# ESEE 4, Any Thoughts?



## trainershawn (Dec 14, 2012)

I'm in the market for a new knife. I have a TOPS Steel Eagle with a seven inch blade, and it's a beast of a knife. I would like an ESEE 6 but can't justify it since I have the TOPS. I'm looking at the ESEE 4. But, TOPS also has the B.O.B knife and it's blade is about 4.5" long. It's a sweet looking knife. Does anyone have an opinion on either knives? I thought about the ESEE 3 but I think the 4 is better suited to my needs. Both are 1095 and definitely durable. 
Here's a link to the TOPS B.O.B knife if you haven't seen it. Looks like a great bushcraft knife. TOPS B.O.B. Fieldcraft Knife Black Micarta | GPKNIVES.com


----------



## BigCheeseStick (Aug 7, 2013)

The firestarter is a cute add on, but if you've spent any time trying to light an actual camp fire you'll probably find out how far you can throw that little thing before you get the fire lit.

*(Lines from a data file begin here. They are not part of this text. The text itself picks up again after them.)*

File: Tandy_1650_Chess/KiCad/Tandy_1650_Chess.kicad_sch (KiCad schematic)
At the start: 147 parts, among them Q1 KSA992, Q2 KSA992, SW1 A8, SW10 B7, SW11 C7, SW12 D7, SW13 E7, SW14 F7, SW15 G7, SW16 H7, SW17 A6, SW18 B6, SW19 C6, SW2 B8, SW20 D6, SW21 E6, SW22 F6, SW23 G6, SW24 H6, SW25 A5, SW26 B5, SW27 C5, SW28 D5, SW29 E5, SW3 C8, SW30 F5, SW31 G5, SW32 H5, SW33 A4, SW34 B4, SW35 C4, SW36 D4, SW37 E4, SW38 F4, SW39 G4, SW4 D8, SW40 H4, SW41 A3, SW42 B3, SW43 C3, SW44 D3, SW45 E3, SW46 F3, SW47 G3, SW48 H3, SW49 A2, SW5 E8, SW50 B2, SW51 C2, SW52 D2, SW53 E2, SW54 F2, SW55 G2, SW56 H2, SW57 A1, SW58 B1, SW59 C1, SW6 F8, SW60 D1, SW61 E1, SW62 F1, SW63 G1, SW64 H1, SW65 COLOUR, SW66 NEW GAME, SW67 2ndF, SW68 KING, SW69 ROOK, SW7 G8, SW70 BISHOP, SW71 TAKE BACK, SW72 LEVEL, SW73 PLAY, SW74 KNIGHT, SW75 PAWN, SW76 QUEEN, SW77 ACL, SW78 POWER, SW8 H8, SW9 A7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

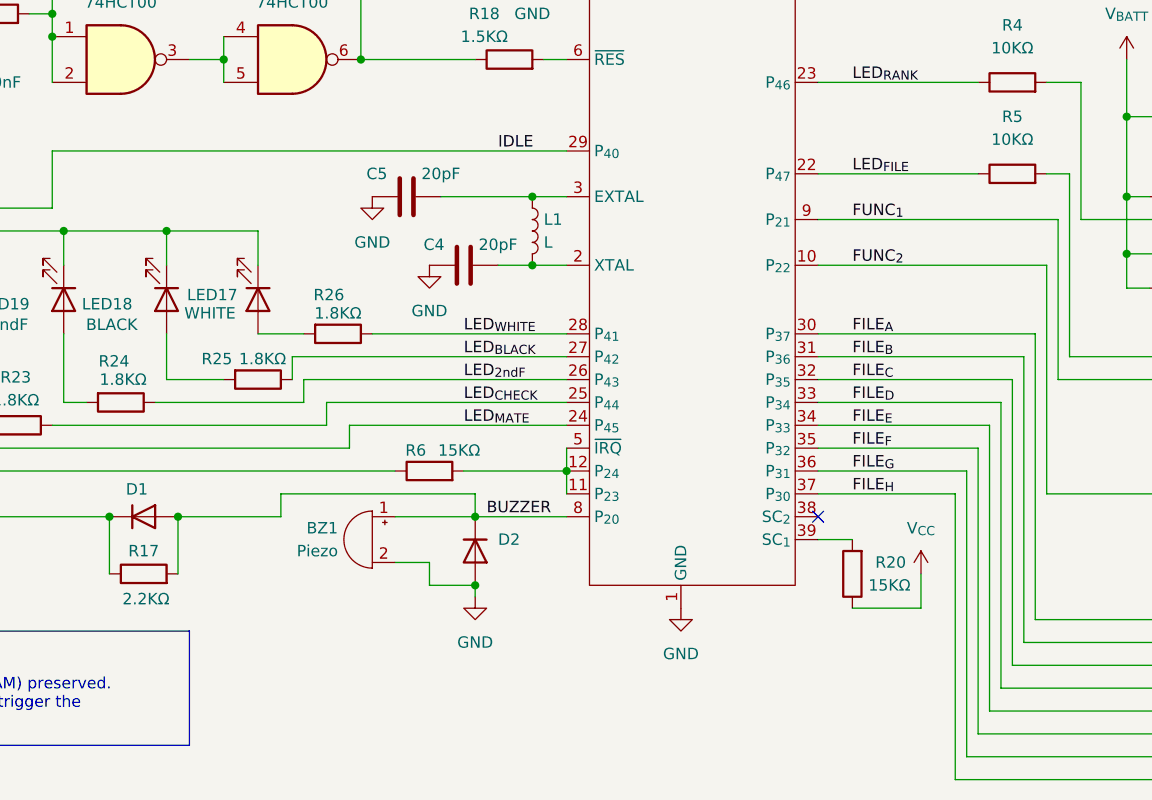
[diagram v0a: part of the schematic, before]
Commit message: Added estimated L1 inductance
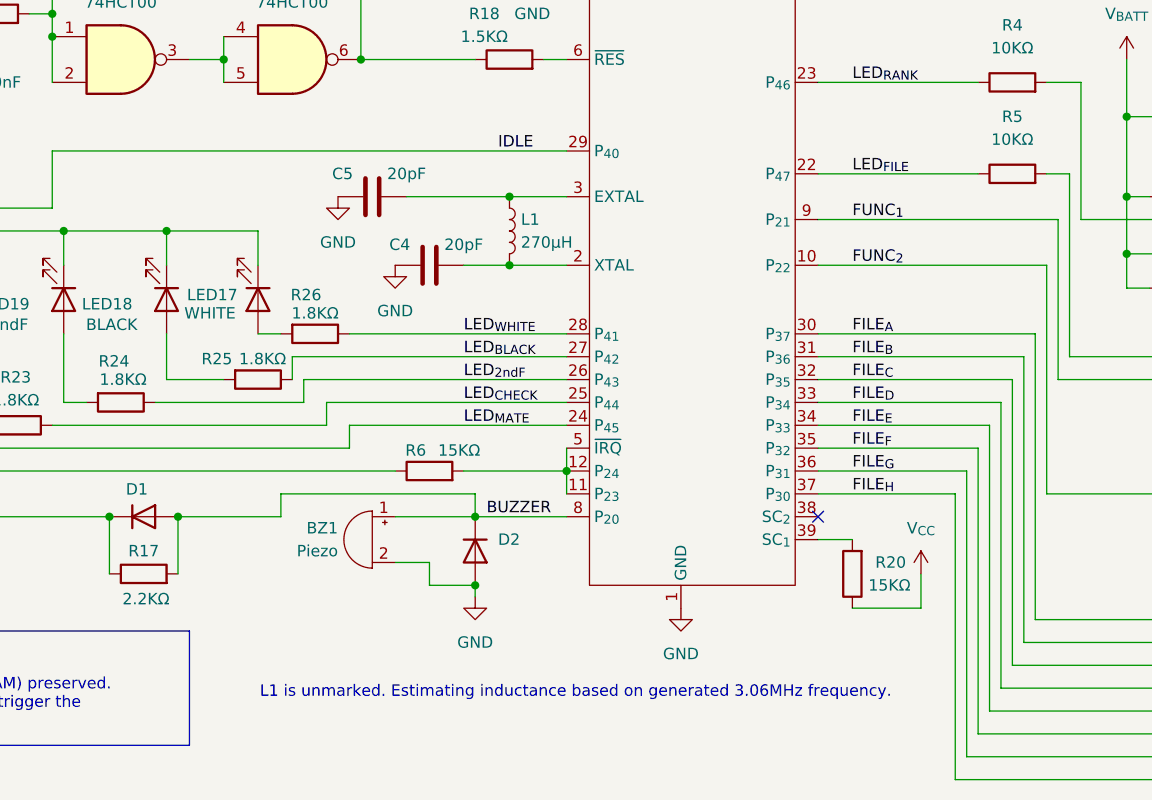
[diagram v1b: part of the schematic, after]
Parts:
- L1: value L -> 270µH
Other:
- note added: "L1 is unmarked. Estimating inductance based on generated 3.06MHz frequency."
- moved on the sheet: C4, C5, L1, R26
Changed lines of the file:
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@@
 		)
 	)
+	(text "L1 is unmarked. Estimating inductance based on generated 3.06MHz frequency."
+		(exclude_from_sim no)
+		(at 139.446 220.218 0)
+		(effects
+			(font
+				(size 1.27 1.27)
+			)
+		)
+	)
 	(text "MCU is SciSys TE-1\nROM code 0609V171\nHitachi HD6301V"
 		(exclude_from_sim no)
@@
 	)
 	(junction
+		(at 132.08 165.1)
+		(diameter 0)
+		(color 0 0 0 0)
+	)
+	(junction
 		(at 275.59 99.06)
 		(diameter 0)
@@
 	)
 	(junction
+		(at 132.08 172.72)
+		(diameter 0)
+		(color 0 0 0 0)
+	)
+	(junction
 		(at 292.1 60.96)
 		(diameter 0)
@@
 	)
 	(junction
-		(at 134.62 165.1)
-		(diameter 0)
-		(color 0 0 0 0)
-	)
-	(junction
 		(at 275.59 60.96)
 		(diameter 0)
@@
 	)
 	(junction
-		(at 134.62 172.72)
-		(diameter 0)
-		(color 0 0 0 0)
-	)
-	(junction
 		(at 341.63 73.66)
 		(diameter 0)
@@
 	(wire
 		(pts
-			(xy 138.43 180.34) (xy 116.84 180.34)
+			(xy 138.43 180.34) (xy 114.3 180.34)
 		)
 		(stroke
@@
 	(wire
 		(pts
-			(xy 124.46 165.1) (xy 134.62 165.1)
+			(xy 120.65 165.1) (xy 132.08 165.1)
 		)
 		(stroke
@@
 	(wire
 		(pts
+			(xy 132.08 165.1) (xy 138.43 165.1)
+		)
+		(stroke
+			(width 0)
+			(type default)
+		)
+	)
+	(wire
+		(pts
 			(xy 116.84 68.58) (xy 116.84 66.04)
 		)
@@
 	(wire
 		(pts
-			(xy 104.14 180.34) (xy 109.22 180.34)
+			(xy 104.14 180.34) (xy 106.68 180.34)
 		)
 		(stroke
@@
 	(wire
 		(pts
+			(xy 132.08 172.72) (xy 138.43 172.72)
+		)
+		(stroke
+			(width 0)
+			(type default)
+		)
+	)
+	(wire
+		(pts
 			(xy 81.28 144.78) (xy 81.28 137.16)
 		)
@@
 	(wire
 		(pts
-			(xy 134.62 172.72) (xy 138.43 172.72)
-		)
-		(stroke
-			(width 0)
-			(type default)
-		)
-	)
-	(wire
-		(pts
 			(xy 109.22 185.42) (xy 138.43 185.42)
 		)
@@
 	(wire
 		(pts
-			(xy 130.81 172.72) (xy 134.62 172.72)
+			(xy 127 172.72) (xy 132.08 172.72)
 		)
 		(stroke
@@
 	(wire
 		(pts
-			(xy 134.62 165.1) (xy 138.43 165.1)
-		)
-		(stroke
-			(width 0)
-			(type default)
-		)
-	)
-	(wire
-		(pts
 			(xy 297.18 185.42) (xy 313.69 185.42)
 		)
@@
 	(symbol
 		(lib_id "Device:C")
-		(at 127 172.72 90)
+		(at 123.19 172.72 90)
 		(unit 1)
 		(exclude_from_sim no)
@@
 		(dnp no)
 		(property "Reference" "C4"
-			(at 123.698 170.434 90)
+			(at 119.888 170.434 90)
 			(effects
 				(font
@@
 		)
 		(property "Value" "20pF"
-			(at 130.81 170.434 90)
+			(at 127 170.434 90)
 			(effects
 				(font
@@
 		)
 		(property "Footprint" ""
-			(at 130.81 171.7548 0)
+			(at 127 171.7548 0)
 			(effects
 				(font
@@
 		)
 		(property "Datasheet" "~"
-			(at 127 172.72 0)
+			(at 123.19 172.72 0)
 			(effects
 				(font
@@
 		)
 		(property "Description" "Unpolarized capacitor"
-			(at 127 172.72 0)
+			(at 123.19 172.72 0)
 			(effects
 				(font
@@
 	(symbol
 		(lib_id "power:GND")
-		(at 123.19 172.72 0)
+		(at 119.38 172.72 0)
 		(unit 1)
 		(exclude_from_sim no)
@@
 		(fields_autoplaced yes)
 		(property "Reference" "#PWR04"
-			(at 123.19 179.07 0)
+			(at 119.38 179.07 0)
 			(effects
 				(font
@@
 		)
 		(property "Value" "GND"
-			(at 123.19 177.8 0)
+			(at 119.38 177.8 0)
 			(effects
 				(font
@@
 		)
 		(property "Footprint" ""
-			(at 123.19 172.72 0)
+			(at 119.38 172.72 0)
 			(effects
 				(font
@@
 		)
 		(property "Datasheet" ""
-			(at 123.19 172.72 0)
+			(at 119.38 172.72 0)
 			(effects
 				(font
@@
 		)
 		(property "Description" "Power symbol creates a global label with name \"GND\" , ground"
-			(at 123.19 172.72 0)
+			(at 119.38 172.72 0)
 			(effects
 				(font
@@
 	(symbol
 		(lib_id "power:GND")
-		(at 116.84 165.1 0)
+		(at 113.03 165.1 0)
 		(unit 1)
 		(exclude_from_sim no)
@@
 		(fields_autoplaced yes)
 		(property "Reference" "#PWR03"
-			(at 116.84 171.45 0)
+			(at 113.03 171.45 0)
 			(effects
 				(font
@@
 		)
 		(property "Value" "GND"
-			(at 116.84 170.18 0)
+			(at 113.03 170.18 0)
 			(effects
 				(font
@@
 		)
 		(property "Footprint" ""
-			(at 116.84 165.1 0)
+			(at 113.03 165.1 0)
 			(effects
 				(font
@@
 		)
 		(property "Datasheet" ""
-			(at 116.84 165.1 0)
+			(at 113.03 165.1 0)
 			(effects
 				(font
@@
 		)
 		(property "Description" "Power symbol creates a global label with name \"GND\" , ground"
-			(at 116.84 165.1 0)
+			(at 113.03 165.1 0)
 			(effects
 				(font
@@
 	(symbol
 		(lib_id "Device:L")
-		(at 134.62 168.91 0)
+		(at 132.08 168.91 0)
 		(unit 1)
 		(exclude_from_sim no)
@@
 		(fields_autoplaced yes)
 		(property "Reference" "L1"
-			(at 135.89 167.6399 0)
+			(at 133.35 167.6399 0)
 			(effects
 				(font
@@
 			)
 		)
-		(property "Value" "L"
-			(at 135.89 170.1799 0)
+		(property "Value" "270µH"
+			(at 133.35 170.1799 0)
 			(effects
 				(font
@@
 		)
 		(property "Footprint" ""
-			(at 134.62 168.91 0)
+			(at 132.08 168.91 0)
 			(effects
 				(font
@@
 		)
 		(property "Datasheet" "~"
-			(at 134.62 168.91 0)
+			(at 132.08 168.91 0)
 			(effects
 				(font
@@
 		)
 		(property "Description" "Inductor"
-			(at 134.62 168.91 0)
+			(at 132.08 168.91 0)
 			(effects
 				(font
@@
 	(symbol
 		(lib_id "Device:C")
-		(at 120.65 165.1 90)
+		(at 116.84 165.1 90)
 		(unit 1)
 		(exclude_from_sim no)
@@
 		(dnp no)
 		(property "Reference" "C5"
-			(at 117.348 162.56 90)
+			(at 113.538 162.56 90)
 			(effects
 				(font
@@
 		)
 		(property "Value" "20pF"
-			(at 124.46 162.56 90)
+			(at 120.65 162.56 90)
 			(effects
 				(font
@@
 		)
 		(property "Footprint" ""
-			(at 124.46 164.1348 0)
+			(at 120.65 164.1348 0)
 			(effects
 				(font
@@
 		)
 		(property "Datasheet" "~"
-			(at 120.65 165.1 0)
+			(at 116.84 165.1 0)
 			(effects
 				(font
@@
 		)
 		(property "Description" "Unpolarized capacitor"
-			(at 120.65 165.1 0)
+			(at 116.84 165.1 0)
 			(effects
 				(font
@@
 	(symbol
 		(lib_id "Device:R")
-		(at 113.03 180.34 270)
+		(at 110.49 180.34 270)
 		(unit 1)
 		(exclude_from_sim no)
@@
 		(dnp no)
 		(property "Reference" "R26"
-			(at 112.014 176.022 90)
+			(at 109.474 176.022 90)
 			(effects
 				(font
@@
 		)
 		(property "Value" "1.8KΩ"
-			(at 113.03 178.054 90)
+			(at 110.49 178.054 90)
 			(effects
 				(font
@@
 		)
 		(property "Footprint" ""
-			(at 113.03 178.562 90)
+			(at 110.49 178.562 90)
 			(effects
 				(font
@@
 		)
 		(property "Datasheet" "~"
-			(at 113.03 180.34 0)
+			(at 110.49 180.34 0)
 			(effects
 				(font
@@
 		)
 		(property "Description" "Resistor"
-			(at 113.03 180.34 0)
+			(at 110.49 180.34 0)
 			(effects
 				(font

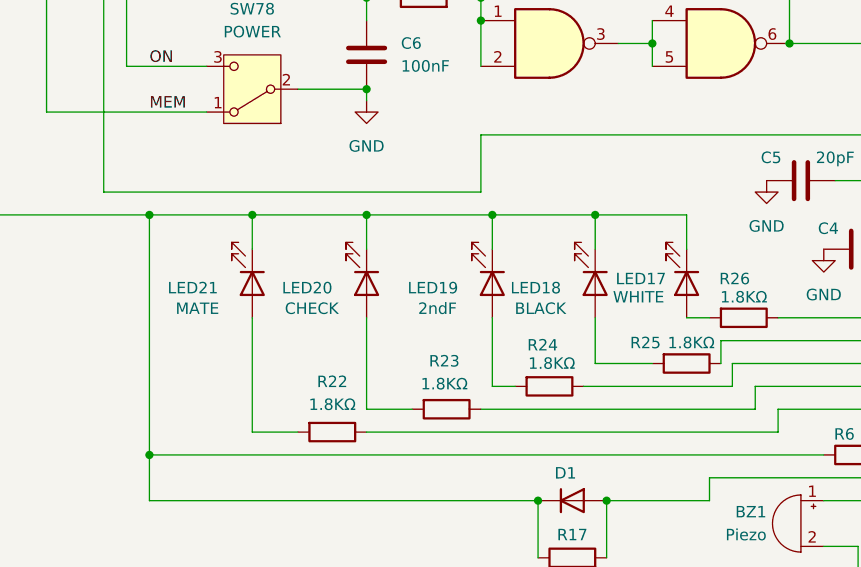
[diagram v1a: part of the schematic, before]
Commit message: Corrected function LED orientation
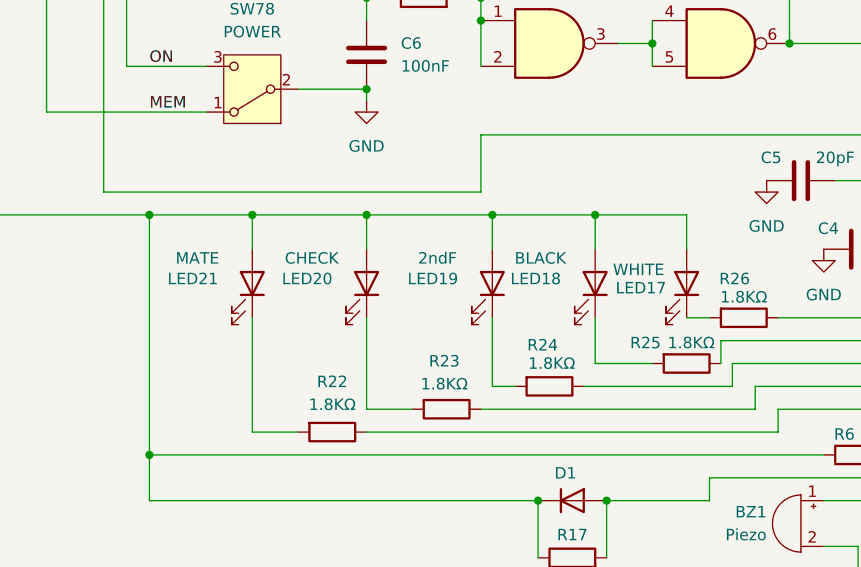
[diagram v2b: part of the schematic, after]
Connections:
- net V_{CC}: now also LED17.2 (A), LED18.2 (A), LED19.2 (A), LED20.2 (A), LED21.2 (A); no longer LED17.1 (K), LED18.1 (K), LED19.1 (K), LED20.1 (K), LED21.1 (K)
- net at R25.2: now also LED18.1 (K); no longer LED18.2 (A)
- net at R26.2: now also LED17.1 (K); no longer LED17.2 (A)
- net at R23.2: now also LED20.1 (K); no longer LED20.2 (A)
- net at R24.2: now also LED19.1 (K); no longer LED19.2 (A)
- net at R22.2: now also LED21.1 (K); no longer LED21.2 (A)
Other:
- moved on the sheet: LED17, LED18, LED19, LED20, LED21
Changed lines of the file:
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@@
 		(lib_id "Device:LED")
 		(at 93.98 176.53 270)
+		(mirror x)
 		(unit 1)
 		(exclude_from_sim no)
@@
 		(dnp no)
 		(property "Reference" "LED18"
-			(at 87.376 177.038 90)
+			(at 87.376 176.022 90)
 			(effects
 				(font
@@
 		)
 		(property "Value" "BLACK"
-			(at 87.884 179.324 90)
+			(at 87.884 173.736 90)
 			(effects
 				(font
@@
 		(lib_id "Device:LED")
 		(at 104.14 176.53 270)
+		(mirror x)
 		(unit 1)
 		(exclude_from_sim no)
@@
 		(dnp no)
 		(property "Reference" "LED17"
-			(at 99.06 176.022 90)
+			(at 99.06 177.038 90)
 			(effects
 				(font
@@
 		)
 		(property "Value" "WHITE"
-			(at 98.806 178.054 90)
+			(at 98.806 175.006 90)
 			(effects
 				(font
@@
 		(lib_id "Device:LED")
 		(at 82.55 176.53 270)
+		(mirror x)
 		(unit 1)
 		(exclude_from_sim no)
@@
 		(dnp no)
 		(property "Reference" "LED19"
-			(at 75.946 177.038 90)
+			(at 75.946 176.022 90)
 			(effects
 				(font
@@
 		)
 		(property "Value" "2ndF"
-			(at 76.454 179.324 90)
+			(at 76.454 173.736 90)
 			(effects
 				(font
@@
 		(lib_id "Device:LED")
 		(at 55.88 176.53 270)
+		(mirror x)
 		(unit 1)
 		(exclude_from_sim no)
@@
 		(dnp no)
 		(property "Reference" "LED21"
-			(at 49.276 177.038 90)
+			(at 49.276 176.022 90)
 			(effects
 				(font
@@
 		)
 		(property "Value" "MATE"
-			(at 49.784 179.324 90)
+			(at 49.784 173.736 90)
 			(effects
 				(font
@@
 		(lib_id "Device:LED")
 		(at 68.58 176.53 270)
+		(mirror x)
 		(unit 1)
 		(exclude_from_sim no)
@@
 		(dnp no)
 		(property "Reference" "LED20"
-			(at 61.976 177.038 90)
+			(at 61.976 176.022 90)
 			(effects
 				(font
@@
 		)
 		(property "Value" "CHECK"
-			(at 62.484 179.324 90)
+			(at 62.484 173.736 90)
 			(effects
 				(font

Jump on ebay and get yourself a good 5", or 6" long 1/2" thick ferro rod. It'll do the job in two or three strikes almost every time. A good ferro rod is as important as the knife itself imo!


----------



## trainershawn (Dec 14, 2012)

BigCheeseStick said:


> The firestarter is a cute add on, but if you've spent any time trying to light an actual camp fire you'll probably find out how far you can throw that little thing before you get the fire lit. Jump on ebay and get yourself a good 5", or 6" long 1/2" thick ferro rod. It'll do the job in two or three strikes almost every time. A good ferro rod is as important as the knife itself imo!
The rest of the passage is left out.